Pictures are to be skipped. Retype exactly the lines from the top of the material through the one with "96.2v-.2h-1.5l.1 1.5M189.4 99.8v.1M189.4", and only those.

------ Listed records

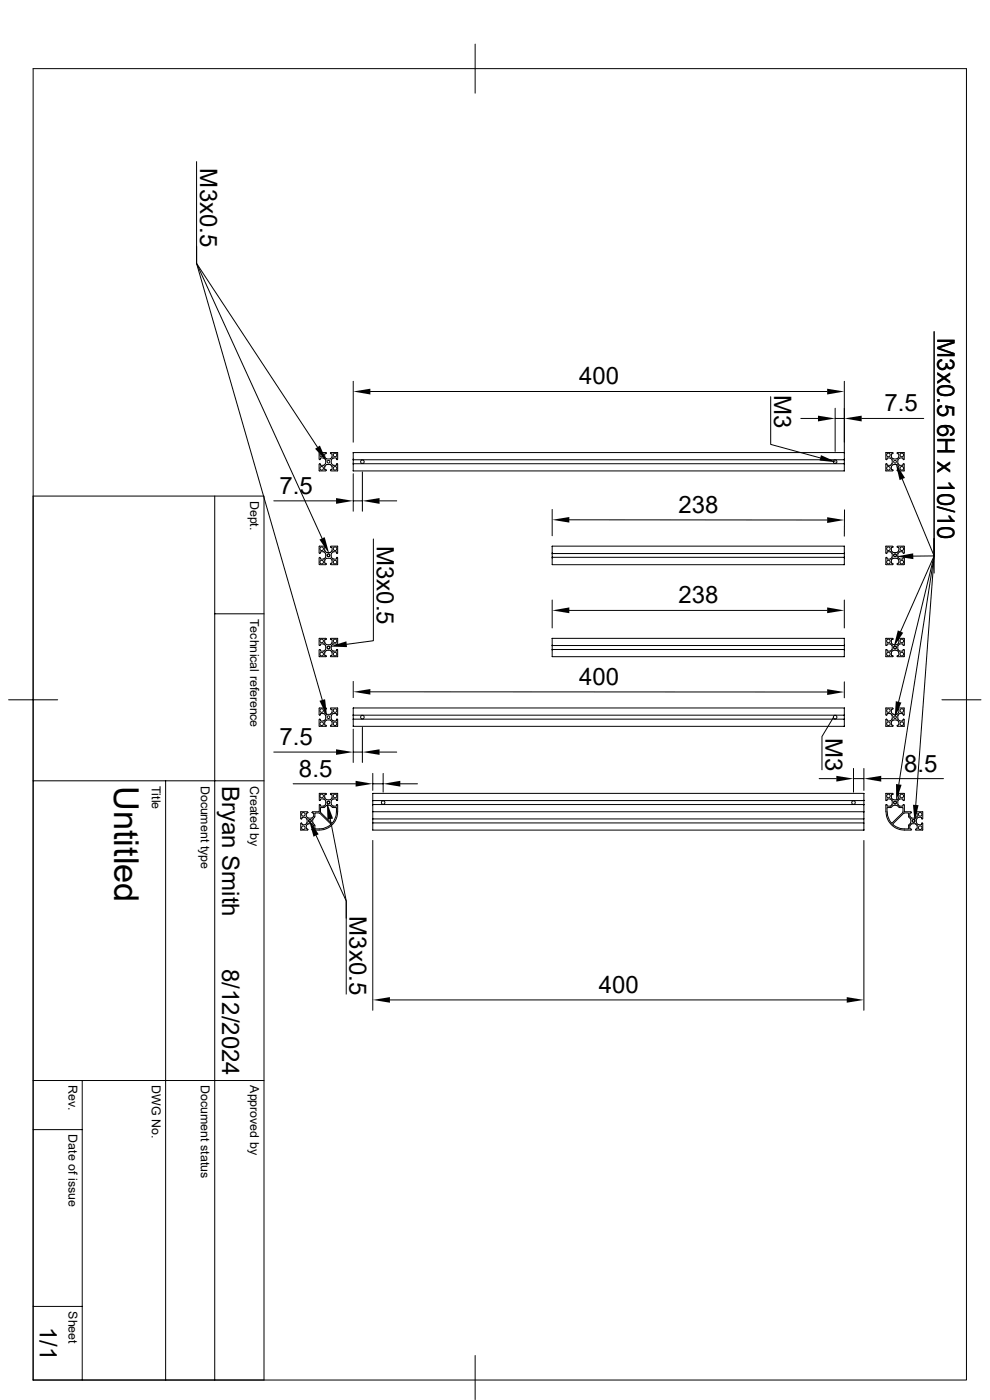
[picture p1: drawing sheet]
<svg xmlns="http://www.w3.org/2000/svg" width="210mm" height="297mm" viewBox="0 0 210 297" stroke-linecap="round" stroke-linejoin="round" font-family="sans-serif">
<g fill="none" stroke="#000" stroke-width=".21">
<path d="M7 14.6h198v278.2h-198zM100.8 9.4v10.4M41.7 34.3v21.6l26.6 58.3M67.4 94.9l-25.7-39v-3.7v3.7l26.7 92.6M67.7 96.1v1.3M67.7 98.5v1.4M67.7 99.9h1.4M67.7 98.5h.2M67.7 97.4l.1 .1M67.7 96.1h1.5M67.8 97.5h.1M67.9 97.4v.1"/>
<path d="M68.7 97.2h.1M68.7 97.2h-.7v.2M68.7 97.2l.3 .3M68.9 99v.7h.2v.2M68.9 96.9l.1 .1M68.9 97l.3 .3M69 97.5v.1M69 98.4l-.3 .3h-.7v-.2M69 98.3h.1M69.1 97.6v.7M69.1 96.3h-.2v.6M69.2 98.6l-.3 .4"/>
<path d="M69.2 96.1l-.1 .1M69.3 98.6h.8l.3 .3M69.3 97.3h.1M69.3 96.1h.1M69.3 99.7v.1M69.3 97.4h.8M70.1 99.8l.1 .1M70.1 97.3h.1M70.1 99.7v.1M70.2 96.3h.2v.7M70.2 96.2v-.2h1.4l-.1 1.5M70.3 97.6v.7"/>
<path d="M70.3 98.3h.1M70.3 98.4l.3 .3M70.4 97.5l-.1 .1M70.4 98.9v.8h-.3M70.4 97l-.3 .3M70.6 97.2l-.3 .3M70.7 98.7h.7l.1-.3 .1 .1v1.4h-1.4M70.7 97.2h.7l.1 .3M70.7 97.2h.1M71.5 97.5h.1M74.9 80.9v12.9M74.9 97.5v.9h104.2"/>
<path d="M74.9 97.5h104.2M76.8 98.3l-.3-.3 .3-.4 .4 .2v.3l-.2 .2M76.8 98.3h.2M78.6 83.1h96.9M163.5 84.2v10.1l10.5 2.9M169.9 88.8h3.6M177 98.3l-.2-.3 .2-.4 .5 .2v.3l-.2 .2M177 98.3h.3M177.2 86.6v9.2M177.2 88.8h1.9M179.1 80.9v16.6M179.1 96h-104.2v1.5"/>
<path d="M179.1 97.5v2.4h-104.2v-1.5M182.8 88.8h13.2M188 97.5h.1M188.8 97.2h-.6l-.1 .3M188.8 97.2h.1M188.9 97.2l.3 .3M189.1 97l.3 .3M189.2 97.5v.1M189.2 98.3h.1M189.2 98.4l-.3 .3h-.7l-.1-.3-.2 .1v1.4h1.5M189.3 97.6v.7M189.4 96.3h-.3v.7"/>
<path d="M189.4 96.2v-.2h-1.5l.1 1.5M189.4 99.8v.1M189.4 97.3h.1M189.4 99.7v.1M189.5 97.4h.7M190.3 98.6h-.9l-.3 .3v.8h.3M190.3 97.3h-.1M190.3 96.1h.1M190.3 99.7v.1M190.3 98.6l.3 .4M190.3 96.1l1.5-.1-.1 1.5M190.3 96.1l.1 .1"/>
<path d="M190.4 96.3h.3v.6M190.5 97.6v.7M190.5 98.4l.3 .3h.8v-.2M190.5 98.3h.1M190.5 97.5v.1M190.6 96.9v.1M190.6 97l-.3 .3M190.7 99v.7h-.3v.2M190.8 97.2l-.3 .3M190.9 97.2h-.1M190.9 97.2h.7v.2M191.6 98.5h.2v1.4h-1.4"/>
<path d="M191.6 97.4l.1 .1M191.7 97.5h.1M7 105.2h49v187.6h-49M45.6 105.2v187.6M58.1 106.3h13.2M67.7 115.9v1.4M67.7 118.4v1.3M67.7 119.7l.1 .1M67.7 117.3l.1 .1M67.8 119.8h1.3M67.8 118.3l-.1 .1M67.8 118.2h.1"/>
<path d="M67.8 117.4h.1M67.9 118.3v.1M67.9 117.3v.1M68 118.4v.2h.7M68 117.3v-.2h.7l.3 .3M68.7 118.5v.1M68.9 118.8v.7h.2M68.9 116.8l.3 .4M69 118.8h-.1M69 117.4v.1M69 118.2h.1M69 118.3l-.3 .3"/>
<path d="M69.1 117.5v.7M69.1 119.5l.1 .1M69.1 115.9h-1.4M69.1 115.9l.1 .1M69.2 119.7l-.1 .1M69.2 116l-.3 .1v.7M69.2 118.4l-.3 .3M69.3 118.5h.8M69.3 116h.1M69.3 119.6v.1M70.1 118.4l.3 .3M70.2 115.9v.2h.2v.8"/>
<path d="M70.2 115.9h1.4l-.1 1.5M70.2 119.5v.3M70.2 119.8h1.4M70.3 117.5v.7M70.3 118.2h.1M70.3 118.3l.3 .3M70.4 117.4l-.1 .1M70.4 118.8v.7h-.2M70.4 116.9l-.3 .3h-.8M70.6 117.1l-.3 .3M70.7 117.1h.7l.1 .3M70.7 118.5v.1"/>
<path d="M71.5 118.3l-.1 .3h-.7M71.5 118.2h.1M71.5 117.4h.1M71.5 118.3l.1 1.5M74.9 100.5v8M74.9 106.3h2M76.9 100.1v8.4M79.2 114.3v21.6l-5.7 .8M80.5 106.3h3.7M117.1 108.1v5.6M117.1 118.2v1.6h62v-1.6M117.1 118.2h62"/>
<path d="M117.1 117.4v.8M120.8 110.3h54.7M179.1 117.4v-1.5h-62v1.5h62v.8M179.2 108.2l-.1 5.5M188 119.8h1.4M188 118.3v1.5M188 118.2h.1M188 117.4h.1M188.1 117.4l.1-.3h.7l.3 .3M188.1 118.3l.1 .3h.6M188.9 118.5l-.1 .1M189.1 118.8v.7h.3"/>
<path d="M189.2 117.4v.1M189.2 118.2h.1M189.2 118.3l-.3 .3M189.3 117.5v.7M189.4 115.9v.2h-.3v.8l.3 .3h.9M189.4 115.9h-1.5l.1 1.5M189.4 119.5v.3M189.4 118.5h.9M189.4 118.4l-.3 .3M190.3 116h.1M190.3 119.6v.1M190.3 119.7l.1 .1"/>
<path d="M190.3 116l.4 .1v.7M190.3 118.4l.3 .3M190.4 119.5l-.1 .1M190.4 115.9h1.4M190.4 115.9l-.1 .1M190.4 119.8h1.4M190.5 117.5v.7M190.5 118.2h.1M190.5 118.3l.3 .3M190.5 117.4v.1M190.6 118.8h.1M190.6 116.8l-.3 .4"/>
<path d="M190.7 118.8v.7h-.3M190.8 118.5l.1 .1M191.4 101.6l6.8 16.3v3.7M191.6 118.4v.2h-.7M191.6 117.3v-.2h-.8l-.3 .3M191.6 117.3l.1 .1M191.7 118.3l-.1 .1M191.7 118.2h.1M191.7 117.4h.1M191.7 118.3l.1 .1M191.8 119.7v.1M191.8 117.3l-.1 .1"/>
<path d="M191.9 115.9v1.4M191.9 118.4v1.3M193.7 118l4.5-.1v-47.5v47.5l-7.1 16.1M198.2 114.3v3.6l-7.6 31M198.2 114.3v3.6l-7.5 48.5M198.2 114.3v3.6l-3.9 52.9M45.6 130.2h10.4M67.7 135.5v1.4M67.7 137.9v1.4M67.7 137.9h.2M67.7 136.9h.2M67.7 135.5h1.5"/>
<path d="M68 137.9v.2h.7M68.7 136.7l-.7-.1v.3M68.7 136.6l.3 .3M68.9 138.4v.7h.2M68.9 136.4h.1M68.9 136.4l.3 .3M69 138.3l-.1 .1M69 136.9v.1M69 137.8h.1M69 137.8l-.3 .3M69.1 137v.8M69.1 139.1v.2h-1.4"/>
<path d="M69.2 135.6l-.3 .1v.7M69.2 138l-.3 .3M69.3 136.7h.1M69.3 135.5v.1M69.3 139.2h.1M69.3 138h.1M69.3 138h.8M69.3 136.8h.8M70.1 138h.1M70.1 136.7h.1M70.1 139.2h.1M70.1 138l.3 .3"/>
<path d="M70.2 139.1l-.1 .1M70.3 137v.8M70.3 137.8h.1M70.3 137.8l.3 .3M70.4 136.9l-.1 .1M70.4 136.4v-.7l-.3-.1 .1-.2h1.4v1.5h-.2v-.3l-.7 .1M70.4 138.3v.8h-.2M70.4 136.4l-.3 .3M70.6 136.6l-.3 .3M70.7 138.1h.7l.1-.3 .1 .1v1.4l-1.5-.1M117.1 127.3v5.9M117.1 137.8v1.5h62v-1.5"/>
<path d="M117.1 136.9v.9h62M120.8 129.5h54.7M179.1 127.3v5.9M179.1 136.9v-1.5h-62v1.5h62v.9M188.9 138.1h-.7l-.1-.3-.2 .1v1.4l1.5-.1M188.9 136.6l.3 .3M189.1 138.4v.7h.3M189.1 136.4l.3 .3M189.1 136.4v-.7l.3-.1v-.2h-1.5v1.5h.3v-.3l.7 .1M189.1 138.3v.1M189.2 136.9v.1M189.2 137.8h.1"/>
<path d="M189.2 137.8l-.3 .3M189.3 137v.8M189.4 139.1v.1M189.4 136.7h.1M189.4 139.2h.1M189.4 138l-.3 .3M189.5 138h-.1M189.5 138h.7M189.5 136.8h.7M190.2 138h.1M190.3 136.7h-.1M190.3 135.5v.1"/>
<path d="M190.3 139.2h.1M190.3 135.6l.4 .1v.7M190.3 138l.3 .3M190.4 139.1v.2h1.4M190.5 137v.8M190.5 137.8h.1M190.5 137.8l.3 .3M190.5 136.9v.1M190.6 138.3v.1M190.6 136.4h.1M190.6 136.4l-.3 .3M190.7 138.4v.7h-.3"/>
<path d="M190.8 136.6l-.3 .3M190.8 136.7l.8-.1v.3M191.6 137.9v.2h-.8M191.6 137.9h.2M191.6 136.9h.2M191.8 135.5h-1.5M191.9 135.5v1.4M191.9 137.9v1.4M1.8 148.5h10.4M58.1 159.6h13.2M67.7 150.2v1.4M67.7 152.7v1.4"/>
<path d="M67.7 152.7h.2M67.7 151.6h.2M67.7 150.2l1.5 .1M68 152.7v.3h.7M68.7 152.9h.1M68.7 151.4h-.7v.2M68.7 151.4l.3 .3M68.9 153.2v.6h.2M68.9 151.1l.1 .1M68.9 151.2l.3 .3M69 153.1l-.1 .1M69 151.7v.1"/>
<path d="M69 152.5v.1M69 152.6l-.3 .3M69.1 151.8v.7M69.1 153.9l.1 .1M69.2 154l-1.5 .1M69.2 150.4l-.3 .1v.6M69.2 152.8l-.3 .3M69.3 151.5h.1M69.3 150.3v.1M69.3 154h.1M69.3 152.8h.1M69.3 152.7h.8"/>
<path d="M69.3 151.6h.8M70.1 152.8h.1M70.1 151.5h.1M70.1 152.8l.3 .3M70.3 151.8v.7M70.3 152.5l.1 .1M70.3 152.6l.3 .3M70.4 151.7l-.1 .1M70.4 153.1v.7h-.2M70.4 151.2v-.7l-.3-.1 .1-.2h1.4v1.4l-.2 .1v-.3h-.7M70.4 151.2l-.3 .3M70.6 151.4l-.3 .3"/>
<path d="M70.7 152.9h.1M70.7 153h.7v-.3h.2v1.4h-1.4v-.2M74.9 154.7v7.1M74.9 159.6h2M74.9 144.6v3.4M74.9 152.6v1.5h104.2v-1.5M74.9 151.7v.9h104.2M74.9 151.7v-1.5h104.2v1.5M74.9 154.1h.1M74.9 151.7h104.2M76.9 154.3v7.5M78.6 146.8h96.9"/>
<path d="M80.5 159.6h3.7M176.8 152.2l-2.4 4.1v7M179.1 144.7v3.3M179.1 151.7v.9M188.8 153h-.6v-.3h-.3v1.4h1.5v-.2M188.9 152.9h-.1M188.9 151.4l.3 .3M189.1 151.1v.1M189.1 151.1v-.6l.3-.1v-.2h-1.5v1.4l.2 .1 .1-.3h.7M189.1 151.2l.3 .3M189.1 153.1v.7h.3M189.2 151.7v.1"/>
<path d="M189.2 152.5v.1M189.2 152.6l-.3 .3M189.3 151.8v.7M189.4 151.5h.1M189.4 152.8l-.3 .3M189.5 152.8h-.1M189.5 152.7h.7M189.5 151.6h.7M190.2 152.8h.1M190.3 151.5h-.1M190.3 150.3v.1M190.3 154h.1"/>
<path d="M190.3 150.3l1.5-.1v1.4h-.2M190.3 150.4l.4 .1v.6M190.3 152.8l.3 .3M190.4 153.9l-.1 .1M190.5 151.8v.7M190.5 152.5v.1M190.5 152.6l.3 .3M190.5 151.7v.1M190.6 153.1v.1M190.6 151.1v.1M190.6 151.2l-.3 .3M190.7 153.2v.6h-.3"/>
<path d="M190.8 151.4l-.3 .3M190.8 152.9h.1M190.8 151.4h.8v.2M191.6 152.7v.3h-.7M191.6 152.7h.2v1.4l-1.5-.1M199.8 148.5h8.3M7 165.7h49M35.1 165.7v127.1M62.2 166.3h13.2M63.9 174.6l-.1 1.5h1.4v-.2M63.9 174.6h.1M64 174.6l.1 .4h.6"/>
<path d="M64.8 174.9h-.1M64.8 173.4l.3 .3M65 173.2l.3 .4h.9l.3-.4M65 175.1v.8h.2M65.1 173.8v.8M65.1 174.6l-.3 .3M65.2 172.2h-1.4v1.5h.3v-.3h.7M65.2 172.3h.1M65.3 174.8l-.3 .3M65.3 172.4l-.3 .1v.7M65.3 172.3v.1M65.4 174.8h.7"/>
<path d="M66.1 174.8h.1M66.2 172.3v.1M66.2 172.4l.3 .1v.6M66.2 174.8l.3 .3M66.3 175.9l-.1 .1 .1 .1h1.4M66.3 172.3h-.1M66.3 173.8v.7M66.4 174.5v.1M66.4 174.6l.4 .4M66.4 173.8h.1M66.5 175.1v.1M66.5 173.1v.1"/>
<path d="M66.5 175.2v.7h-.2M66.7 175l.1 .1M66.8 173.3h-.1M66.8 173.4l-.4 .3M66.9 172.5l-.1 .8M66.9 172.5h.8M67.1 177.2l6.3 13.9v3.7M67.7 172.5l.1 .1M67.8 172.5l2.3 2.3M67.9 170.8h-.2v1.4h-1.4M68 170.8v.2h.7M68 172.3l2.3 2.3"/>
<path d="M68.7 169.5h-.7v.3M68.7 169.5l.3 .3M68.8 171.2l-.8 .2v.9M68.9 169.2l.1 .1M68.9 169.3l.3 .3M69 169.8v.1M69 170.6v.1M69 170.7l-.3 .3M69.1 169.9v.7M69.2 168.4l-1.5-.1v1.5h.2M69.2 168.5l-.3 .1v.6M69.2 170.9l-.4 .4"/>
<path d="M69.3 170.9h.8M69.3 169.6h.1M69.3 168.4v.1M69.3 169.7h.8M70.1 173.8l3.3 17.3v19.8M70.1 174.8v.2M70.1 170.9l.4 .4M70.1 175a3.8 3.8 0 0 1-3.3 .8v-.7M70.3 169.9v.7M70.3 170.6l.1 .1M70.3 170.7l.3 .3M70.4 169.8l-.1 .1"/>
<path d="M70.4 174.6h.1M70.4 169.3v-.7l-.3-.1 .1-.2h1.4v1.5h-.1l-.1-.3h-.7M70.4 169.3l-.3 .3M70.5 171.2l.8 .1a4 4 0 0 1-.8 3.3M70.6 169.5l-.3 .3M70.7 171h.7l.1-.3 .1 .1a4.5 4.5 0 0 1-1.9 4.8l-1 .4-1 .1M79.1 178.3v36M79.1 170.6v5.5h104.2v-1.5M79.1 173.7h104.2v.9h-104.2M79.1 170.7h104.2M79.1 169.8h104.2M79.1 164.1v3.6"/>
<path d="M79.1 166.3h2.2M81.2 170.6l-.3-.3 .3-.4 .4 .2v.3l-.2 .2M81.3 164.1v4M84.9 166.3h3.7M173.8 165.2h3.6M180.9 170.6l-.2-.3 .2-.4 .5 .2v.3l-.2 .2M181.1 163v5.1M181.1 165.2h2.2M183.3 163v4.7M183.3 178.3v36M183.3 169.8v-1.5h-104.2v2.3M183.3 172.2v1.5"/>
<path d="M183.3 170.7v1.5h-104.2M183.3 169.8v.9M183.3 176.1h.1M183.3 172.3h.1M186.9 165.2h13.3M188 172.2a3.9 3.9 0 0 0 3.9 3.9l1.4-.1M188.2 172.2l.1 .9 .8 1.5M188.9 171h-.7l-.1-.3-.2 .1v1.4M188.9 169.5l.3 .3M189 171.2l-.8 .2v.8M189.1 174.6h.1M189.1 169.3l.4 .3"/>
<path d="M189.1 169.3v-.7l.3-.1v-.2h-1.5v1.5h.2l.1-.3h.7M189.2 169.8v.1M189.2 170.6v.1M189.2 170.7l-.3 .3M189.3 169.9v.7M189.4 170.9h.9M189.4 174.8a3.4 3.4 0 0 0 3.3 1.1v-.8M189.4 170.9l-.3 .4M189.5 169.7h.7M190.3 169.6h-.1M190.3 168.4v.1M190.3 168.5l.4 .1v.6"/>
<path d="M190.3 170.9l.4 .4M190.5 169.9v.7M190.5 170.6v.1M190.5 170.7l.3 .3M190.5 169.8v.1M190.6 169.2v.1M190.6 169.3l-.3 .3M190.8 171.2l.8 .2-.1 .9M190.8 169.5l-.3 .3M190.8 169.5h.8v.3M191.6 170.8v.2h-.8M191.6 172.3l-2.4 2.3"/>
<path d="M191.6 170.8h.2M191.6 169.8h.2M191.7 172.5l-2.3 2.3M191.8 168.4h-1.5M191.8 172.5v.1M191.8 172.5h.9M191.9 170.8v1.4h1.4M191.9 168.4v1.4M192.7 172.5v.8M192.8 173.3h.1M192.8 173.4l.4 .3M192.8 175v.1"/>
<path d="M193 175.2v.7h.3M193 173.1l.1 .1M193 173.2l.3 .3M193.1 175.1l-.1 .1M193.1 173.8h.1M193.2 174.5l-.1 .1M193.2 174.6l-.4 .4M193.2 173.8v.7M193.3 175.9v.1M193.3 172.3v.2h-.3v.6M193.3 174.8l-.3 .3M193.4 172.3v.1"/>
<path d="M193.4 176h.1M193.4 174.8h.1M193.4 174.8h.8M194.2 174.8h.1M194.2 172.4l.4 .1-.1 .7M194.2 174.8l.4 .3M194.2 172.3v.1M194.3 172.2h1.4v1.5h-.2v-.3h-.7M194.3 172.3h-.1M194.4 173.8v.7M194.4 174.5l.1 .1M194.4 174.6l.3 .3"/>
<path d="M194.5 173.8h-.1M194.5 175.1l.1 .8h-.3M194.6 173.2l-.4 .4-.8-.1M194.7 173.4l-.3 .3M194.8 174.9h.1M194.8 173.4h.1M195.6 174.6l-.1 .4h-.7M195.6 174.6h.1M195.7 174.6v1.5h-1.4v-.2M82.7 212.1h96.9M7 239.6h10.4M7 229.2h49"/>
<path d="M17.4 229.2v63.6M7 277.2h10.4M100.8 287.6v9.3"/>
<circle cx="68.2" cy="96.5" r=".39"/>
<circle cx="68.2" cy="99.4" r=".39"/>
<circle cx="69.7" cy="98" r=".29"/>
<circle cx="71.1" cy="99.4" r=".39"/>
<circle cx="71.1" cy="96.5" r=".39"/>
<circle cx="188.5" cy="96.5" r=".39"/>
<circle cx="188.5" cy="99.4" r=".39"/>
<circle cx="189.9" cy="98" r=".29"/>
<circle cx="191.3" cy="96.5" r=".39"/>
<circle cx="191.3" cy="99.4" r=".39"/>
<circle cx="68.2" cy="119.3" r=".39"/>
<circle cx="68.2" cy="116.4" r=".39"/>
<circle cx="69.7" cy="117.8" r=".3"/>
<circle cx="69.7" cy="117.8" r=".29"/>
<circle cx="71.1" cy="119.3" r=".39"/>
<circle cx="71.1" cy="116.4" r=".39"/>
<circle cx="188.5" cy="116.4" r=".39"/>
<circle cx="188.5" cy="119.3" r=".39"/>
<circle cx="189.9" cy="117.8" r=".3"/>
<circle cx="189.9" cy="117.8" r=".29"/>
<circle cx="191.3" cy="119.3" r=".39"/>
<circle cx="191.3" cy="116.4" r=".39"/>
<circle cx="68.2" cy="138.8" r=".39"/>
<circle cx="68.2" cy="136" r=".39"/>
<circle cx="69.7" cy="137.4" r=".3"/>
<circle cx="69.7" cy="137.4" r=".29"/>
<circle cx="71.1" cy="138.8" r=".39"/>
<circle cx="71.1" cy="136" r=".39"/>
<circle cx="188.5" cy="138.8" r=".39"/>
<circle cx="188.5" cy="136" r=".39"/>
<circle cx="189.9" cy="137.4" r=".3"/>
<circle cx="189.9" cy="137.4" r=".29"/>
<circle cx="191.3" cy="138.8" r=".39"/>
<circle cx="191.3" cy="136" r=".39"/>
<circle cx="68.2" cy="150.7" r=".39"/>
<circle cx="68.2" cy="153.5" r=".39"/>
<circle cx="69.7" cy="152.1" r=".29"/>
<circle cx="71.1" cy="153.5" r=".39"/>
<circle cx="71.1" cy="150.7" r=".39"/>
<circle cx="76.9" cy="152.2" r=".39"/>
<circle cx="177.2" cy="152.2" r=".39"/>
<circle cx="188.5" cy="150.7" r=".39"/>
<circle cx="188.5" cy="153.5" r=".39"/>
<circle cx="189.9" cy="152.1" r=".29"/>
<circle cx="191.3" cy="153.5" r=".39"/>
<circle cx="191.3" cy="150.7" r=".39"/>
<circle cx="64.3" cy="172.8" r=".39"/>
<circle cx="64.3" cy="175.6" r=".39"/>
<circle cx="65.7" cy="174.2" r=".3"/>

------------

The answer:
[picture p1: drawing sheet]
<svg xmlns="http://www.w3.org/2000/svg" width="210mm" height="297mm" viewBox="0 0 210 297" stroke-linecap="round" stroke-linejoin="round" font-family="sans-serif">
<g fill="none" stroke="#000" stroke-width=".21">
<path d="M7 14.6h198v278.2h-198zM100.8 9.4v10.4M41.7 34.3v21.6l26.6 58.3M67.4 94.9l-25.7-39v-3.7v3.7l26.7 92.6M67.7 96.1v1.3M67.7 98.5v1.4M67.7 99.9h1.4M67.7 98.5h.2M67.7 97.4l.1 .1M67.7 96.1h1.5M67.8 97.5h.1M67.9 97.4v.1"/>
<path d="M68.7 97.2h.1M68.7 97.2h-.7v.2M68.7 97.2l.3 .3M68.9 99v.7h.2v.2M68.9 96.9l.1 .1M68.9 97l.3 .3M69 97.5v.1M69 98.4l-.3 .3h-.7v-.2M69 98.3h.1M69.1 97.6v.7M69.1 96.3h-.2v.6M69.2 98.6l-.3 .4"/>
<path d="M69.2 96.1l-.1 .1M69.3 98.6h.8l.3 .3M69.3 97.3h.1M69.3 96.1h.1M69.3 99.7v.1M69.3 97.4h.8M70.1 99.8l.1 .1M70.1 97.3h.1M70.1 99.7v.1M70.2 96.3h.2v.7M70.2 96.2v-.2h1.4l-.1 1.5M70.3 97.6v.7"/>
<path d="M70.3 98.3h.1M70.3 98.4l.3 .3M70.4 97.5l-.1 .1M70.4 98.9v.8h-.3M70.4 97l-.3 .3M70.6 97.2l-.3 .3M70.7 98.7h.7l.1-.3 .1 .1v1.4h-1.4M70.7 97.2h.7l.1 .3M70.7 97.2h.1M71.5 97.5h.1M74.9 80.9v12.9M74.9 97.5v.9h104.2"/>
<path d="M74.9 97.5h104.2M76.8 98.3l-.3-.3 .3-.4 .4 .2v.3l-.2 .2M76.8 98.3h.2M78.6 83.1h96.9M163.5 84.2v10.1l10.5 2.9M169.9 88.8h3.6M177 98.3l-.2-.3 .2-.4 .5 .2v.3l-.2 .2M177 98.3h.3M177.2 86.6v9.2M177.2 88.8h1.9M179.1 80.9v16.6M179.1 96h-104.2v1.5"/>
<path d="M179.1 97.5v2.4h-104.2v-1.5M182.8 88.8h13.2M188 97.5h.1M188.8 97.2h-.6l-.1 .3M188.8 97.2h.1M188.9 97.2l.3 .3M189.1 97l.3 .3M189.2 97.5v.1M189.2 98.3h.1M189.2 98.4l-.3 .3h-.7l-.1-.3-.2 .1v1.4h1.5M189.3 97.6v.7M189.4 96.3h-.3v.7"/>
<path d="M189.4 96.2v-.2h-1.5l.1 1.5M189.4 99.8v.1M189.4 97.3h.1M189.4 99.7v.1M189.5 97.4h.7M190.3 98.6h-.9l-.3 .3v.8h.3M190.3 97.3h-.1M190.3 96.1h.1M190.3 99.7v.1M190.3 98.6l.3 .4M190.3 96.1l1.5-.1-.1 1.5M190.3 96.1l.1 .1"/>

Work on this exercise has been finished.